• [INSTRUCTIONS FOR THE TASK]: Set down, word for word, each line from the top of the data through the line that has "import ezdxf"; omit every picture.

INPUT RECORDS Block Start

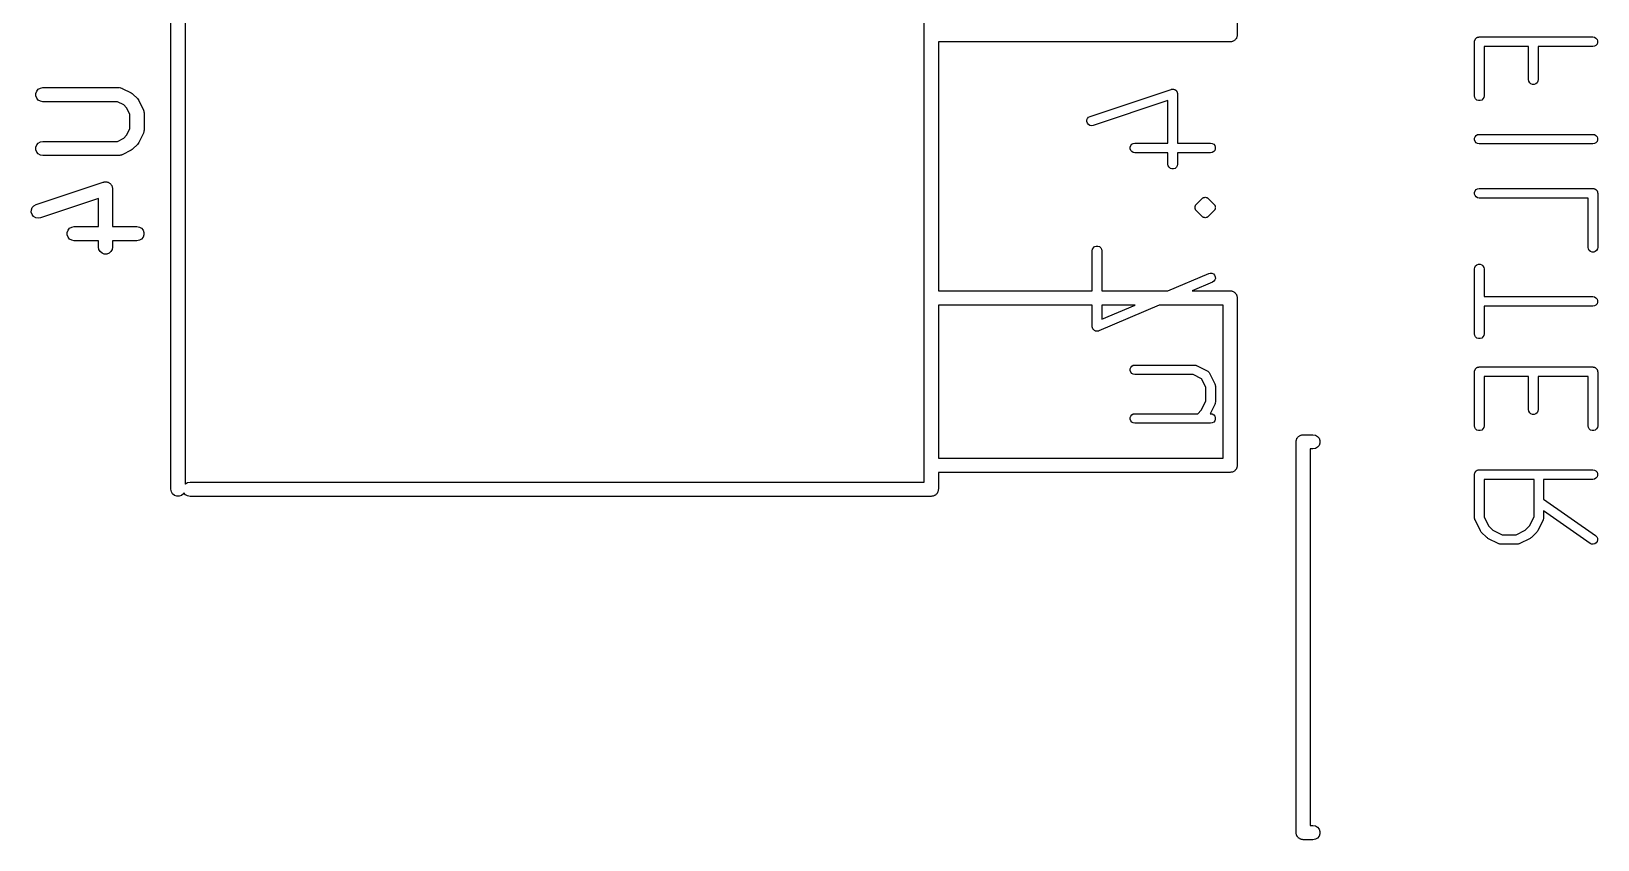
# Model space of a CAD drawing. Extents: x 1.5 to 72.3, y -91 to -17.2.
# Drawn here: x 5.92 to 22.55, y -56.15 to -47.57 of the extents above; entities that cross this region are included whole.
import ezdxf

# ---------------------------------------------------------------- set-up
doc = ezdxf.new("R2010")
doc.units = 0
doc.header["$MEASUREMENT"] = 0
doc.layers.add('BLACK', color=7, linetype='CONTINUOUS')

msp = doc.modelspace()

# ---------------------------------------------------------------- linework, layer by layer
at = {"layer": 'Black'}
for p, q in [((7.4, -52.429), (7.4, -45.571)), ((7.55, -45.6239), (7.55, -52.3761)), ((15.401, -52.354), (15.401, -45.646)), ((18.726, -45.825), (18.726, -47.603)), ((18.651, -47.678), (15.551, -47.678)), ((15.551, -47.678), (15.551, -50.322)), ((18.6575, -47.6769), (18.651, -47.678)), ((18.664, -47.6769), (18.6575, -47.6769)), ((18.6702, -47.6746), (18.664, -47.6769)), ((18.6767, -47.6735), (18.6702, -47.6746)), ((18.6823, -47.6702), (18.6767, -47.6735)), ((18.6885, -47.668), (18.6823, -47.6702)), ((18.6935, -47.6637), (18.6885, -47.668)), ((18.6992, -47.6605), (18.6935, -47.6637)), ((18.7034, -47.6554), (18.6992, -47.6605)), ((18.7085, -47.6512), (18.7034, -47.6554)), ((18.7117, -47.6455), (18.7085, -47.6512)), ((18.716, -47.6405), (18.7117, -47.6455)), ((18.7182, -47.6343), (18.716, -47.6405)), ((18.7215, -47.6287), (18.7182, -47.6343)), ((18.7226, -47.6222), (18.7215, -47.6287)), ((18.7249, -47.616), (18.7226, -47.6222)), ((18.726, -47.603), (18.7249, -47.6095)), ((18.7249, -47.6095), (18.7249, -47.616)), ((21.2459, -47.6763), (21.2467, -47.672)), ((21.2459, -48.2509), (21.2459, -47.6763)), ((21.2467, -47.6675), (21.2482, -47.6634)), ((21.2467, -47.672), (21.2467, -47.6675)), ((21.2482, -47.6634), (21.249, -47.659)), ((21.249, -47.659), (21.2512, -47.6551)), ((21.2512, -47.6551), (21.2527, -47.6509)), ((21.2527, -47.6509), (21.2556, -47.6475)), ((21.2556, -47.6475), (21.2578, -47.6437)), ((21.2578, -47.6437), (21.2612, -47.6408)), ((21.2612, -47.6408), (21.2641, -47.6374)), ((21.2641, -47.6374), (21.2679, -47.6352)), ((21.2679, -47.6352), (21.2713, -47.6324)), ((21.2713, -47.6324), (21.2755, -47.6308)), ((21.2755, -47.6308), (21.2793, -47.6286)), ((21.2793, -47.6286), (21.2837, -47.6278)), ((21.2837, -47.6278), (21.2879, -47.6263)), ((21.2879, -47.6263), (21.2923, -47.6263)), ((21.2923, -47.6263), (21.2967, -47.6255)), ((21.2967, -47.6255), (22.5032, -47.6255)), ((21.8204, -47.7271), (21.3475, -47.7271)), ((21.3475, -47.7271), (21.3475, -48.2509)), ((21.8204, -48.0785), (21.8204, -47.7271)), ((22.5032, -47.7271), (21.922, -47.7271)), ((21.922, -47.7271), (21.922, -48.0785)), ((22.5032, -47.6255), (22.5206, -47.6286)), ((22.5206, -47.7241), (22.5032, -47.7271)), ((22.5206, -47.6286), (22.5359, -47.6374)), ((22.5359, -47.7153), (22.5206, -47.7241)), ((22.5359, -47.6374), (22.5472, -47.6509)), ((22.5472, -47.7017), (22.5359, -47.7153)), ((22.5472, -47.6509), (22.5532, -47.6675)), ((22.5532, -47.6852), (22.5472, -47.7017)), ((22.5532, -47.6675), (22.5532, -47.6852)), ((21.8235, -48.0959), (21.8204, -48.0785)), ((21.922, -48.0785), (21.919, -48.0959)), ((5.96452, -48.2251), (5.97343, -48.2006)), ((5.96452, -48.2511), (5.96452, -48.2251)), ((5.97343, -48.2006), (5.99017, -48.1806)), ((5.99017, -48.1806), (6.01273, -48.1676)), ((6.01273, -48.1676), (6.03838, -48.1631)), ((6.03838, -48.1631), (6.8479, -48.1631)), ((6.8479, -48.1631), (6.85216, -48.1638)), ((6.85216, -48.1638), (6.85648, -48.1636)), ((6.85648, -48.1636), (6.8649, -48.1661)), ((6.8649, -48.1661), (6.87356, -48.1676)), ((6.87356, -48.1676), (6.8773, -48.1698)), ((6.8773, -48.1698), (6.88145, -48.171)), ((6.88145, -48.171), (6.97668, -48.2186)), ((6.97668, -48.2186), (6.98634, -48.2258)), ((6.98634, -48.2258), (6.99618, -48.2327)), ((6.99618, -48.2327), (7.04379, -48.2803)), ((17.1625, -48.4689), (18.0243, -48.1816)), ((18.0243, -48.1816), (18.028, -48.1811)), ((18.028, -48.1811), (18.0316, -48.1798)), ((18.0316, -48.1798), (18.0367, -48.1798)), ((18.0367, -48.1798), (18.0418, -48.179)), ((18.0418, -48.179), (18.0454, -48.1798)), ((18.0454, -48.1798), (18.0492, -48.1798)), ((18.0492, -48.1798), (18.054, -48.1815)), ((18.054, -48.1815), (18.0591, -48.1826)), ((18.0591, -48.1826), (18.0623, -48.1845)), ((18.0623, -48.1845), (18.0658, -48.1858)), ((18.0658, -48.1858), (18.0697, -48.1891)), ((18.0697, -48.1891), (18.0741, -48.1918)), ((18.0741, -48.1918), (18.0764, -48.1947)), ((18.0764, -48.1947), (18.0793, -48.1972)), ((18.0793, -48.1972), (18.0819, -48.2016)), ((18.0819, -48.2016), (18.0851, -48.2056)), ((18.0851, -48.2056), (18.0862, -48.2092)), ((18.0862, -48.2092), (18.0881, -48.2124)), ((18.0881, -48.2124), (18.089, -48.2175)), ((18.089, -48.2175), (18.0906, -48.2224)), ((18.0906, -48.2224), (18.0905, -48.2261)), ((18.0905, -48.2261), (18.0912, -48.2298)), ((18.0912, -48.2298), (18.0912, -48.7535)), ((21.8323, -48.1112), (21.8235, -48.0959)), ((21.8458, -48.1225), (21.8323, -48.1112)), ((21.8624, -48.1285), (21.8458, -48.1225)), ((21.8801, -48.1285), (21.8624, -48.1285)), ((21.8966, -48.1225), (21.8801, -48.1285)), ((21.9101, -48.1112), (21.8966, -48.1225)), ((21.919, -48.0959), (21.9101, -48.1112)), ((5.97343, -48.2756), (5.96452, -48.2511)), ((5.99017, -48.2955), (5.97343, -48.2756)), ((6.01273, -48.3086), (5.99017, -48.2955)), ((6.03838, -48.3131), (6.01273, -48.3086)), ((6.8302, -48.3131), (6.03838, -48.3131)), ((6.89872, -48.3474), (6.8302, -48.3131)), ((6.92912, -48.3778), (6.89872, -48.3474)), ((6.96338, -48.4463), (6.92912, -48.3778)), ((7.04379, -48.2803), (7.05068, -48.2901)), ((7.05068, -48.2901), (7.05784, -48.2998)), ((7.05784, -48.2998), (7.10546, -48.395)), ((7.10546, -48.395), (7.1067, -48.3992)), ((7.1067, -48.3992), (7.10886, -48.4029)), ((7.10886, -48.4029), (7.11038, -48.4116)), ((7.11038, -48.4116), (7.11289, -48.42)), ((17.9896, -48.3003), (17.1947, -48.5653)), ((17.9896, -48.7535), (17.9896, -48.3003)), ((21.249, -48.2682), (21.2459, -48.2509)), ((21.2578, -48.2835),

INPUT RECORDS Block End

• [ANSWER TO THIS TASK]:
# Model space of a CAD drawing. Extents: x 1.5 to 72.3, y -91 to -17.2.
# Drawn here: x 5.92 to 22.55, y -56.15 to -47.57 of the extents above; entities that cross this region are included whole.
import ezdxf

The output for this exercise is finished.